## The problem
Nothing but the text belongs in the answer: the listing below, copied exactly, without pictures.

## Material supplied
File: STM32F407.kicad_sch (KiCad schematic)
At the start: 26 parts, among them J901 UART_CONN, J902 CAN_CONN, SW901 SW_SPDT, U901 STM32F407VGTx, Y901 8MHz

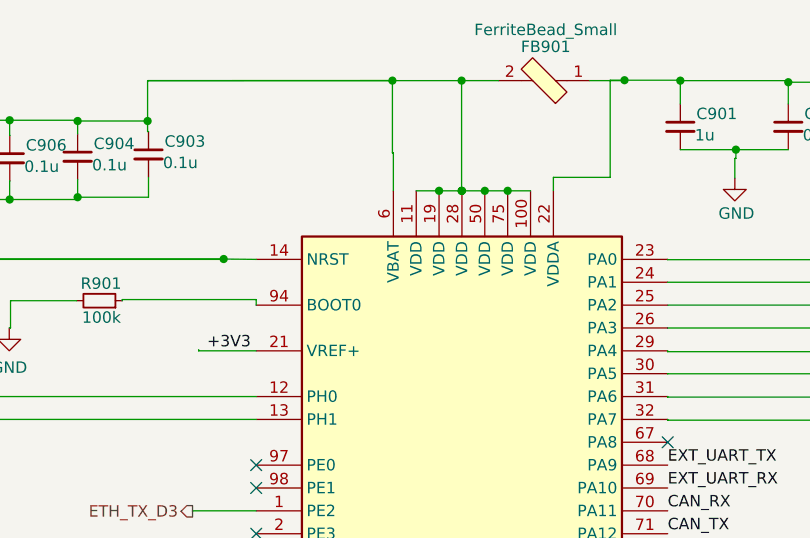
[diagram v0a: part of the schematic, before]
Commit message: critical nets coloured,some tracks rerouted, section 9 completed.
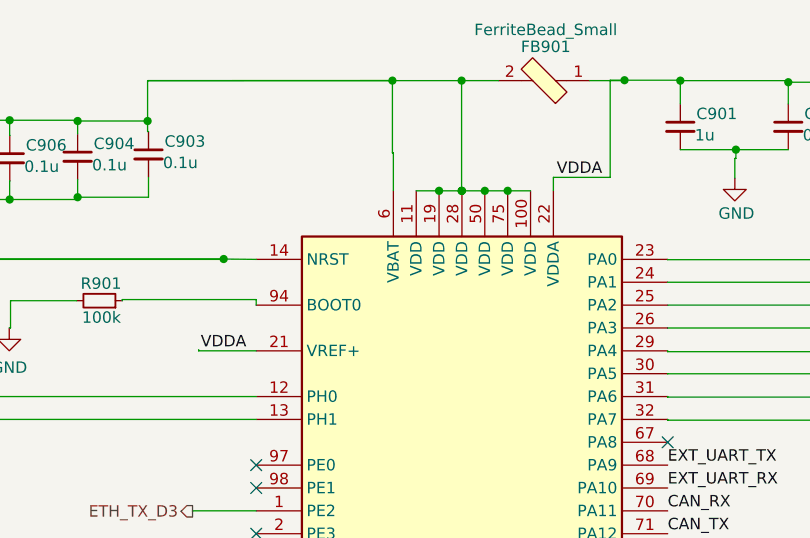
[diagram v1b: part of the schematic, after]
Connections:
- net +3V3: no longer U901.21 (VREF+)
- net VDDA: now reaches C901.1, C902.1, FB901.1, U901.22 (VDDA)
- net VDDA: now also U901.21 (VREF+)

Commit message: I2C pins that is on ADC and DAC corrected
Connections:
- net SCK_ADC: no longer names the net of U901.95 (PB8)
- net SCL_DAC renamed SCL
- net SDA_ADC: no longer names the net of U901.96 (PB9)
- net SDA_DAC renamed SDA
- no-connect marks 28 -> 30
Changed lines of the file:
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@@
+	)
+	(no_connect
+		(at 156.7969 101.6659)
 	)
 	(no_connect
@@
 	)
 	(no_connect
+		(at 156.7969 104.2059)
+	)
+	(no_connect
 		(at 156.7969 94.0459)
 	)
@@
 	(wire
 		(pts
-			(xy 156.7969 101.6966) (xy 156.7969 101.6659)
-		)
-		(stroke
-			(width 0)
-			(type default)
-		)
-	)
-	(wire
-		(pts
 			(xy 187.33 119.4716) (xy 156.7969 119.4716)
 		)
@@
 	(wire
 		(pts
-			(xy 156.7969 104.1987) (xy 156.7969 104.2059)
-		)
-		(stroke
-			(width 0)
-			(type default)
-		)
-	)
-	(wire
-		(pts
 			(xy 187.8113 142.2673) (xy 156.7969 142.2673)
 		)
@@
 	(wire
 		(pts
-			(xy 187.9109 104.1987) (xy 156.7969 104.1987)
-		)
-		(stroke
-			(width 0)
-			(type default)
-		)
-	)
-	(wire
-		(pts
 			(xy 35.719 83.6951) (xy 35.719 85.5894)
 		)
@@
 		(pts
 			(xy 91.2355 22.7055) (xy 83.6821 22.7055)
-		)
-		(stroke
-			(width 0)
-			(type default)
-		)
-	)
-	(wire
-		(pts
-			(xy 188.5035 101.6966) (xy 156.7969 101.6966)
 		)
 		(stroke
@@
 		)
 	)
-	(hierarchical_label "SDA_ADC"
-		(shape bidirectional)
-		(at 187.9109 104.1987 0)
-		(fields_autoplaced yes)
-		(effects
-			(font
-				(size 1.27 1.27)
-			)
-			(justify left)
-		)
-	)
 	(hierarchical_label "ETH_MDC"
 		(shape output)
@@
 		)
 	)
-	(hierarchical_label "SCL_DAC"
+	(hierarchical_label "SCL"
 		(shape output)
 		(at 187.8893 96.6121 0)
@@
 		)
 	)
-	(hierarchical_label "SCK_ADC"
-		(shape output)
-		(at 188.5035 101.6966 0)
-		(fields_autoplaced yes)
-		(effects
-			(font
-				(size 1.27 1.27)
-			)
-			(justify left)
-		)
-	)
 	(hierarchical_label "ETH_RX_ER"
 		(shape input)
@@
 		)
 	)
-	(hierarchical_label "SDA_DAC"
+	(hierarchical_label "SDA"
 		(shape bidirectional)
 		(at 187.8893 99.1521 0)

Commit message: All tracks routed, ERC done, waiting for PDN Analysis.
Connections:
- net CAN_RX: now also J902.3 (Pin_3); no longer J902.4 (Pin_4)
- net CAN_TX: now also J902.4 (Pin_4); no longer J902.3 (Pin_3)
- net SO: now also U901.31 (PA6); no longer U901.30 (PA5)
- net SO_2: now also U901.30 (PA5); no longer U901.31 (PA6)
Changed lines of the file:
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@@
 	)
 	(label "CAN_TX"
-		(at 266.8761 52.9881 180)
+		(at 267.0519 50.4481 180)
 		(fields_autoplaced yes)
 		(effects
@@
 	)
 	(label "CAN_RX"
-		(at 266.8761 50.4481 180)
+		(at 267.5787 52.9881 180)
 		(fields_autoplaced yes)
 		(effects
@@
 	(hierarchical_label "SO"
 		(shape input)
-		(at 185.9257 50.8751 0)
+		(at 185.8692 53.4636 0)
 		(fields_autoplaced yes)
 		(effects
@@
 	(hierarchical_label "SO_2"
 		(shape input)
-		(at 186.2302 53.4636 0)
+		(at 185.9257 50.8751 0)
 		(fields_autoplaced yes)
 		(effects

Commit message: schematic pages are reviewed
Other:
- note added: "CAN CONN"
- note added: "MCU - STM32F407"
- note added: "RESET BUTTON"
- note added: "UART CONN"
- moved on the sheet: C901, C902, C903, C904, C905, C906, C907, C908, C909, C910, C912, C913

## Your solution
File: STM32F407.kicad_sch (KiCad schematic)
At the start: 26 parts, among them J901 UART_CONN, J902 CAN_CONN, SW901 SW_SPDT, U901 STM32F407VGTx, Y901 8MHz

[diagram v0a: part of the schematic, before]
Commit message: critical nets coloured,some tracks rerouted, section 9 completed.
[diagram v1b: part of the schematic, after]
Connections:
- net +3V3: no longer U901.21 (VREF+)
- net VDDA: now reaches C901.1, C902.1, FB901.1, U901.22 (VDDA)
- net VDDA: now also U901.21 (VREF+)

Commit message: I2C pins that is on ADC and DAC corrected
Connections:
- net SCK_ADC: no longer names the net of U901.95 (PB8)
- net SCL_DAC renamed SCL
- net SDA_ADC: no longer names the net of U901.96 (PB9)
- net SDA_DAC renamed SDA
- no-connect marks 28 -> 30
Changed lines of the file:
@@
+	)
+	(no_connect
+		(at 156.7969 101.6659)
 	)
 	(no_connect
@@
 	)
 	(no_connect
+		(at 156.7969 104.2059)
+	)
+	(no_connect
 		(at 156.7969 94.0459)
 	)
@@
 	(wire
 		(pts
-			(xy 156.7969 101.6966) (xy 156.7969 101.6659)
-		)
-		(stroke
-			(width 0)
-			(type default)
-		)
-	)
-	(wire
-		(pts
 			(xy 187.33 119.4716) (xy 156.7969 119.4716)
 		)
@@
 	(wire
 		(pts
-			(xy 156.7969 104.1987) (xy 156.7969 104.2059)
-		)
-		(stroke
-			(width 0)
-			(type default)
-		)
-	)
-	(wire
-		(pts
 			(xy 187.8113 142.2673) (xy 156.7969 142.2673)
 		)
@@
 	(wire
 		(pts
-			(xy 187.9109 104.1987) (xy 156.7969 104.1987)
-		)
-		(stroke
-			(width 0)
-			(type default)
-		)
-	)
-	(wire
-		(pts
 			(xy 35.719 83.6951) (xy 35.719 85.5894)
 		)
@@
 		(pts
 			(xy 91.2355 22.7055) (xy 83.6821 22.7055)
-		)
-		(stroke
-			(width 0)
-			(type default)
-		)
-	)
-	(wire
-		(pts
-			(xy 188.5035 101.6966) (xy 156.7969 101.6966)
 		)
 		(stroke
@@
 		)
 	)
-	(hierarchical_label "SDA_ADC"
-		(shape bidirectional)
-		(at 187.9109 104.1987 0)
-		(fields_autoplaced yes)
-		(effects
-			(font
-				(size 1.27 1.27)
-			)
-			(justify left)
-		)
-	)
 	(hierarchical_label "ETH_MDC"
 		(shape output)
@@
 		)
 	)
-	(hierarchical_label "SCL_DAC"
+	(hierarchical_label "SCL"
 		(shape output)
 		(at 187.8893 96.6121 0)
@@
 		)
 	)
-	(hierarchical_label "SCK_ADC"
-		(shape output)
-		(at 188.5035 101.6966 0)
-		(fields_autoplaced yes)
-		(effects
-			(font
-				(size 1.27 1.27)
-			)
-			(justify left)
-		)
-	)
 	(hierarchical_label "ETH_RX_ER"
 		(shape input)
@@
 		)
 	)
-	(hierarchical_label "SDA_DAC"
+	(hierarchical_label "SDA"
 		(shape bidirectional)
 		(at 187.8893 99.1521 0)

Commit message: All tracks routed, ERC done, waiting for PDN Analysis.
Connections:
- net CAN_RX: now also J902.3 (Pin_3); no longer J902.4 (Pin_4)
- net CAN_TX: now also J902.4 (Pin_4); no longer J902.3 (Pin_3)
- net SO: now also U901.31 (PA6); no longer U901.30 (PA5)
- net SO_2: now also U901.30 (PA5); no longer U901.31 (PA6)
Changed lines of the file:
@@
 	)
 	(label "CAN_TX"
-		(at 266.8761 52.9881 180)
+		(at 267.0519 50.4481 180)
 		(fields_autoplaced yes)
 		(effects
@@
 	)
 	(label "CAN_RX"
-		(at 266.8761 50.4481 180)
+		(at 267.5787 52.9881 180)
 		(fields_autoplaced yes)
 		(effects
@@
 	(hierarchical_label "SO"
 		(shape input)
-		(at 185.9257 50.8751 0)
+		(at 185.8692 53.4636 0)
 		(fields_autoplaced yes)
 		(effects
@@
 	(hierarchical_label "SO_2"
 		(shape input)
-		(at 186.2302 53.4636 0)
+		(at 185.9257 50.8751 0)
 		(fields_autoplaced yes)
 		(effects

Commit message: schematic pages are reviewed
Other:
- note added: "CAN CONN"
- note added: "MCU - STM32F407"
- note added: "RESET BUTTON"
- note added: "UART CONN"
- moved on the sheet: C901, C902, C903, C904, C905, C906, C907, C908, C909, C910, C912, C913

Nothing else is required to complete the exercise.